A state-of-the-art personalized screening tool to better detect juvenile suicide

Suicide rates among American teens have skyrocketed in the past decade, but many at-risk teens are not getting the mental health services they need .

Of course, one of the biggest challenges is identifying the young people who need the most help.

Now, researchers have developed a personalized system to better detect juvenile suicide. The novel, universal screening tool helps carers reliably predict adolescent suicide risk – warning them of who needs ongoing interventions – based on decisions led by Michigan Medicine published in JAMA Psychology.

“Too many young people die by suicide and many at high risk go completely unnoticed and untreated,” says lead author Cheryl King, Ph.D., professor, expert- clinical child psychiatry, and director of Juvenile Depression and Suicide Adolescents and Prevention Research Program in the Department of Psychology at Michigan Medicine.

“About half of young people who die by suicide have never received mental health services and some die on their first attempt at suicide. We have seen an urgent need for it. proactive, universal suicide screening of young people. “

The screening device, called the Adaptive Computer Screen for Youth Suicidal (CASSY), is designed for use in emergency rooms through a short and efficient system that does not disturb care. When a teenager or teenager is admitted for any reason – whether it’s a psychiatric complaint or something unrelated like a sports injury – they fill out a questionnaire on a digital device.

Follow-up questions and the number of questions are based on their responses so that the screening is tailored to the individual patient.

Adolescents will be asked about suicidal thoughts but also other factors that may put them at risk, such as sleep disturbances, trouble concentrating, anxiety, depression and despair, and family and school connection issues. It is the combination of risk factors that determine a score for their suicide risk level.

While the current suicide screening devices are being used, King says, previous research shows that many high-risk young people are not being found. too many of them are endangered, including many that are “wrong things.”

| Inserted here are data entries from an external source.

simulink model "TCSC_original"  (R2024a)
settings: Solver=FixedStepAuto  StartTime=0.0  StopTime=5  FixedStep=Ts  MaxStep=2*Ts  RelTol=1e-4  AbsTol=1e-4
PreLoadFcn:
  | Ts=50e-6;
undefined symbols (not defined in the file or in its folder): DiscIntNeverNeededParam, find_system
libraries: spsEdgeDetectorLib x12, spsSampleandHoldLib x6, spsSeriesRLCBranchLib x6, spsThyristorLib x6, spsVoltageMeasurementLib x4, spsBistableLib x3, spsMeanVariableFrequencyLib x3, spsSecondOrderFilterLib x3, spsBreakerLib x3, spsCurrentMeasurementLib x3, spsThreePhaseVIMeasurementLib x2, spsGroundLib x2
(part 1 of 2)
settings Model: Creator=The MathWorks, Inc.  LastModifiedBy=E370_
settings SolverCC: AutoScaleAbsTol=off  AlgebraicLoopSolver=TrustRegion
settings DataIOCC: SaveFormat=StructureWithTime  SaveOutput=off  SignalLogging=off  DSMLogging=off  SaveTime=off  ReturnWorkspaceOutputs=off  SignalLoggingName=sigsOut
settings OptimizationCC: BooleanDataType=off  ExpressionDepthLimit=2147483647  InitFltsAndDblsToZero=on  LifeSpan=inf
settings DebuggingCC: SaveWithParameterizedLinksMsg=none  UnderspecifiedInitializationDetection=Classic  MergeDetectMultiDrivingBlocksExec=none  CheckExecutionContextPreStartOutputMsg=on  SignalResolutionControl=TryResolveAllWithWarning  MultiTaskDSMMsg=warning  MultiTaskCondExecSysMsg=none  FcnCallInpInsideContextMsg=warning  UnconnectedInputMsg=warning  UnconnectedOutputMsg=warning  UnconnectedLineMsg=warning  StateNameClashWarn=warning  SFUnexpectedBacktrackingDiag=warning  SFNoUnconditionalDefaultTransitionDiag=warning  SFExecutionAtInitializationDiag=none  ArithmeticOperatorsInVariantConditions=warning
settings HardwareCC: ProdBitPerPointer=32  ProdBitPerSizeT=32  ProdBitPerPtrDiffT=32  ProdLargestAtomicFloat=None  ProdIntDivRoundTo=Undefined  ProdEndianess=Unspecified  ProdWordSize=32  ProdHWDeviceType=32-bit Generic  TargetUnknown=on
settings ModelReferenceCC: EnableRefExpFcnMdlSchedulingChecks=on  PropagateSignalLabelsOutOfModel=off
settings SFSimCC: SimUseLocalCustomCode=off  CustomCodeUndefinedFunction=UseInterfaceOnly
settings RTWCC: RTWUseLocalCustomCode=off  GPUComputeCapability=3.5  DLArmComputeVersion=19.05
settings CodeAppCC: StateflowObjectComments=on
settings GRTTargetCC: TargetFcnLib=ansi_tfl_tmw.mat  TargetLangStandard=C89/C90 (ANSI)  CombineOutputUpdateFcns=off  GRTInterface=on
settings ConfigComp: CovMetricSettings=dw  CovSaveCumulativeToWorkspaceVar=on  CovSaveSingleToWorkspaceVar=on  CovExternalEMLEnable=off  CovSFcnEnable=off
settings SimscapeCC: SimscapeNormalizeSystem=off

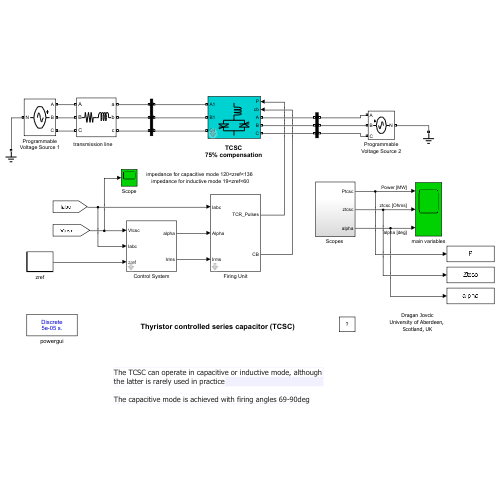
[thumbnail: Simulink's stored preview of the top-level diagram]
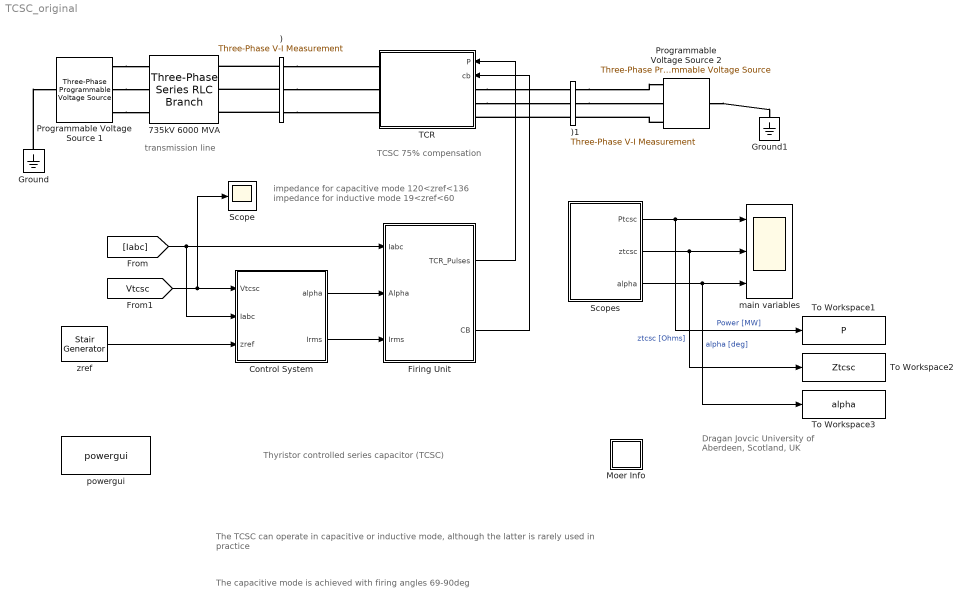
== system TCSC_original ==
  note: The TCSC can operate in capacitive or inductive mode, although the latter is rarely used in practice
  note: The capacitive mode is achieved with firing angles 69-90deg
  note: Thyristor controlled series capacitor (TCSC)
  note: TCSC
      | 75% compensation
  note: transmission line
  note: Dragan Jovcic
      | University of Aberdeen,
      | Scotland, UK
  note: impedance for capacitive mode 120<zref<136
      |  impedance for inductive mode 19<zref<60
  ) : spsThreePhaseVIMeasurementLib/Three-Phase V-I Measurement  VoltageMeasurement=phase-to-ground  SetLabelV=on  LabelV=Vabc1  Vpu=off  VpuLL=off  CurrentMeasurement=yes  SetLabelI=on  LabelI=Iabc  Ipu=off  Pbase=400e6  Vbase=477.8e3  OutputType=Magnitude  PhasorSimulation=off  PSBequivalent=0
  )1 : spsThreePhaseVIMeasurementLib/Three-Phase V-I Measurement  VoltageMeasurement=phase-to-ground  SetLabelV=on  LabelV=Vabc2  Vpu=off  VpuLL=off  CurrentMeasurement=yes  SetLabelI=on  LabelI=Iabc2  Ipu=off  Pbase=100e6  Vbase=477.8e3  OutputType=Magnitude  PhasorSimulation=off  PSBequivalent=0
  "735kV 6000 MVA " : spsThreePhaseSeriesRLCBranchLib/Three-Phase Series RLC Branch  LConnTagsString=A|B|C  RConnTagsString=A|B|C  BranchType=RL  Resistance=6.0852  Inductance=0.4323  Capacitance=[]  Measurements=None
  Control System : Subsystem  mask(TCSC control system){ParI=[0 60], mode=capacitive, Ts=Ts, man_alpha=78}
      mask prompts: ParI "Initial input: [Phase (degree) Freq (Hz) ]"; mode "Operating mode"; Ts "Sample time:"; man_alpha "Manual alpha [deg] (used in manual mode)"
      mask init:
      | Phase_Init=ParI(1);
      | Freq_Init=ParI(2);
      mask Help: This block includes system level controllers for TCSC. It determines the TCSC firing angle using the reference impedance and the measured voltage and current. The TCSC controller can operate in constant inductive/capacitive/firing angle mode.
      mask TypeOptions mode: inductive  | capacitive | manual alpha
  Firing Unit : Subsystem  mask(TCSC Firing Unit){FiringMode=Synchronized, Nstep=0, ParInit=[0 60], Ts=Ts}
      mask prompts: FiringMode "Firing mode"; Nstep "Total delay (in number of time step)"; ParInit "Initial phase and frequency of input: [ Phase (degree)  Freq (Hz) ]"; Ts "Sample time:"
      mask init:
      | PhaseInit=ParInit(1);
      | FreqInit=ParInit(2);
      mask Help: This block determines the firing signals for TCSC thyristors. It uses the firing angle alpha as the input. The line current is used as the synchronising signal.
      mask TypeOptions FiringMode: Synchronized | Continuous
  Ground : spsGroundLib/Ground  LConnTagsString=a
  Ground1 : spsGroundLib/Ground  LConnTagsString=a
  Moer Info : Subsystem
      settings: OpenFcn="showExample(\"simscapeelectricalsps/ThyristorControlledSeriesCapacitorExample\")"
      mask Display: disp('?')
  Programmable Voltage Source 1 : spsThreePhaseProgrammableVoltageSourceLib/Three-Phase Programmable Voltage Source  PositiveSequence="[1.00*539e3 0  60]"  VariationEntity=Amplitude  VariationType=Table of time-amplitude pairs  VariationTypeAlt=Step  VariationStep=-0.3  VariationRate=0.5  VariationMagnitude=0.4  VariationFrequency=2  VariationTiming=[0.1 1.2]  VariationPhaseA=off  Amplitudes=[1.0 0.96 1.0 ]  TimeValues=[0 3.3 3.8 ]  HarmonicGeneration=off  HarmonicA=[3 0.2 -25 0]  HarmonicB="[2 0.15  35 2]"  Timing="[0.1  0.6]"  BusType=swing  Pref=0  Qref=0  Qmin=-inf  Qmax=inf
  Programmable Voltage Source 2 : spsThreePhaseProgrammableVoltageSourceLib/Three-Phase Programmable Voltage Source  PositiveSequence="[1.0*477.8e3 -3.813  60]"  VariationEntity=Amplitude  VariationType=Table of time-amplitude pairs  VariationTypeAlt=Step  VariationStep=-0.3  VariationRate=0.5  VariationMagnitude=0.4  VariationFrequency=2  VariationTiming=[0.1 1.2]  VariationPhaseA=off  Amplitudes=[1]  TimeValues=[0]  HarmonicGeneration=off  HarmonicA=[3 0.2 -25 0]  HarmonicB="[2 0.15  35 2]"  Timing="[0.1  0.6]"  BusType=swing  Pref=0  Qref=0  Qmin=-inf  Qmax=inf
  Scope : Scope
  "Scopes " : Subsystem
  TCR : Subsystem  LoadFcn=find_system(gcs,'FollowLinks', 'on', 'LookUnderMasks', 'all');  mask(TCSC model){Ltcr=0.043, Ctcsc=21.977e-6, Q=500, ParS=[5000 50e-9], ParT=[1e-2  0]}
      mask prompts: Ltcr "TCR Inductance (H) :"; Ctcsc "TCSC capacitance (F)"; Q "Quality factor:"; ParS "Thyristor snubber: [ R (ohm)   C (F)  ]"; ParT "Thyristor data: [ Ron (ohm)   Vf (volt) ]"
      mask init:
      | Rtcr=(2*pi*60) * Ltcr / Q;
      | Rsnub=ParS(1);
      | Csnub=ParS(2);
      | Ron=ParT(1);
      | Vf=ParT(2);
      mask Help:
      | This block is main circuit of a TCSC. The TCSC includes a series TCR and a series capacitor in each phase.
      | The model parameters are L=0.043 and C=21.977uF giving the natural resonance at 163Hz. The resonant firing angle (60Hz system) is around 58deg.
      mask Display:
      | plot(0,0);plot(125,220)
      | plot([62 62 37 37 49 25 37],[15 39 39 58 76 76 58])
      | plot([62 87 87 99 87 75 87],[39 39 58 58 76 58 58])
      | plot([25 49],[58 58]);plot([37 25],[58 49])
      | plot([75 99],[76 76]);plot([87 99],[76 85])
      | plot([37 37 87 87],[76 95 95 76])
      | plot([62 62],[95 122]);plot([62 62],[164 186])
      | plot([62 72 78 79 78 72 62],[122 123 125 129 133 135 136])
      | plot([62 72 78 79 78 72 62],14+[122 123 125 129 133 135 136])
      | plot([62 72 78 79 78 72 62],28+[122 123 125 129 133 135 136])
  To Workspace1 : ToWorkspace  VariableName=P  SaveFormat=Timeseries  SampleTime=-1
  To Workspace2 : ToWorkspace  VariableName=Ztcsc  SaveFormat=Timeseries  SampleTime=-1
  To Workspace3 : ToWorkspace  VariableName=alpha  SaveFormat=Timeseries  SampleTime=-1
  main variables : Scope  NumInputPorts=3
  powergui : spspowerguiLib/powergui  Priority=2  SimulationMode=Discrete  SampleTime=Ts  frequency=60  Iterations=50  frequencyindice=60  Pbase=100e6  ErrMax=1e-4  UnitsV=kV  UnitsW=MW  buscounter=0  FunctionMessages=off  echomessages=off  EnableUseOfTLC=off  CurrentSourceSwitches=off  DisableSnubberDevices=off  DisableRonSwitches=off  DisableVfSwitches=off  DisplayEquations=off  AutomaticDiscreteSolvers=off  SolverType=Tustin/Backward Euler (TBE)  Interpol=off  ExternalGateDelay=off  methode=off  Ts=0  x0status=blocks  SPID=off  SwTol=0  HookPort=off  NonlinearTolerance=0  nMaxIteration=15  ContinueOnMaxIteration=off  RestoreLinks=warning  ResistiveCurrentMeasurement=off  Frange=[0:2:500]  Ylog=off  Xlog=on  ShowGrid=off  save=off  variable=ZData  structure=0  ZoomFFT=on  StartTime=0.0  cycles=1  DisplayStyle=1  fundamental=60  FreqAxis=off  MaxFrequency=1000  frequencyindicesteady=1  RmsSteady=2  display=off
  zref : spsStairGeneratorLib/Stair Generator  t="[ 0  2.5   5 ]"  e="[1.0 0.95  0.95 ]*128"  Ts=Ts
  wires:
  "Scopes "/1(Ptcsc) -> To Workspace1/1, main variables/1  "Power [MW]"
  "Scopes "/2(ztcsc) -> To Workspace2/1, main variables/2  "ztcsc [Ohms]"
  [Iabc] -> Control System/2(Iabc), Firing Unit/1(Iabc)
  Firing Unit/1(TCR_Pulses) -> TCR/1(P)
  Control System/1(alpha) -> Firing Unit/2(Alpha)
  Control System/2(Irms) -> Firing Unit/3(Irms)
  Firing Unit/2(CB) -> TCR/2(cb)
  "Scopes "/3(alpha) -> To Workspace3/1, main variables/3  "alpha [deg]"
  [Vtcsc] -> Scope/1, Control System/1(Vtcsc)
  zref/1 -> Control System/3(zref)
  connections:
  Ground/LConn1 -- Programmable Voltage Source 1/LConn1
  )/LConn1 -- "735kV 6000 MVA "/RConn1
  )/LConn2 -- "735kV 6000 MVA "/RConn2
  Programmable Voltage Source 1/RConn2 -- "735kV 6000 MVA "/LConn2
  Programmable Voltage Source 1/RConn3 -- "735kV 6000 MVA "/LConn3
  Programmable Voltage Source 1/RConn1 -- "735kV 6000 MVA "/LConn1
  )/LConn3 -- "735kV 6000 MVA "/RConn3
  Programmable Voltage Source 2/LConn1 -- Ground1/LConn1
  Programmable Voltage Source 2/RConn3 -- )1/RConn3
  )1/RConn2 -- Programmable Voltage Source 2/RConn2
  )1/RConn1 -- Programmable Voltage Source 2/RConn1
  )/RConn3 -- TCR/RConn3
  )/RConn2 -- TCR/RConn2
  )/RConn1 -- TCR/RConn1
  TCR/LConn1 -- )1/LConn1
  TCR/LConn2 -- )1/LConn2
  )1/LConn3 -- TCR/LConn3

== system TCSC_original/Control System ==
  note: Dragan Jovcic
      | University of Aberdeen,
      | Scotland, UK
  Vtcsc : Inport  PortDimensions=3
  Iabc : Inport  Port=2  PortDimensions=3
  zref : Inport  Port=3  PortDimensions=1
  Add1 : Sum  Inputs=+-
  Controller capacitive mode : Subsystem  mask(Controller in capacitive mode){kpc=0.8, kic=4.6}
      mask prompts: kpc "proportional gain"; kic "integral gain"
      mask init:
      | power_initmask();
      settings: OpenFcn=power_openblockproxy();
      mask Help: helpview(psbhelp)
  Controller inductive mode : Subsystem  mask(Controller in inductive mode){kpin=0.6, kiin=17}
      mask prompts: kpin "proportional gain"; kiin "integral gain"
      mask init:
      | power_initmask();
      settings: OpenFcn=power_openblockproxy();
      mask Help: helpview(psbhelp)
  Impedance calculation : Subsystem
  Switch1 : Switch  Threshold=2  SaturateOnIntegerOverflow=off  InputSameDT=off
  Switch2 : Switch  Threshold=3  SaturateOnIntegerOverflow=off  InputSameDT=off
  manual alpha : Subsystem
  operating mode : Constant  Value=mode
  reference impedance1 : Constant
  alpha : Outport  VectorParamsAs1DForOutWhenUnconnected=off
  Irms : Outport  Port=2  VectorParamsAs1DForOutWhenUnconnected=off
  tag scope: alpha=global, mode1=global, mode=global
  wires:
  Switch2/1 -> alpha/1, [alpha]
  Controller capacitive mode/1(alpha capacitive) -> Switch1/1
  Controller inductive mode/1(alpha inductive) -> Switch1/3
  operating mode/1 -> Switch1/2, Switch2/2, [mode], Add1/1
  manual alpha/1(alpha manual) -> Switch2/1
  Impedance calculation/1(impedance) -> Controller capacitive mode/1(zmeasured), Controller inductive mode/1(zmeasured)
  Impedance calculation/2(Irms) -> Irms/1
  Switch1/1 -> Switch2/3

“A different combination of risk factors can put young people at risk,” says King, who is also a child and adolescent psychologist at Michigan Mott’s CS Children’s Medical Hospital and a member of the University of Michigan Injury Prevention Center. “If we write just for suicidal thoughts, we will miss some high-risk teenagers.

“There are many reasons why young people do not share suicidal thoughts, perhaps because they are embarrassed, do not experience the ideas at the time of screening, or have someone responded. the way they did not feel helpful when sharing suicidal thoughts or sensitive information in the past. “

The CASSY system, she says, informs the health care provider in emergency services about the likelihood of a future suicide attempt. It offers thresholds for identifying different levels of risk, from mild to high.

This screening tool has the potential to be a step forward in our effort to develop clinical models of care to appropriately meet the mental health needs of young people. “

Cheryl King, Ph.D., Lead Author

Suicide is the second leading cause of death among U.S. teens, and the suicide rate among teens in the U.S. has grown 62% since 2000. In 2018, the U.S. reported the highest annual number of juvenile suicide deaths involving 1,750 adolescents of age. 12-17.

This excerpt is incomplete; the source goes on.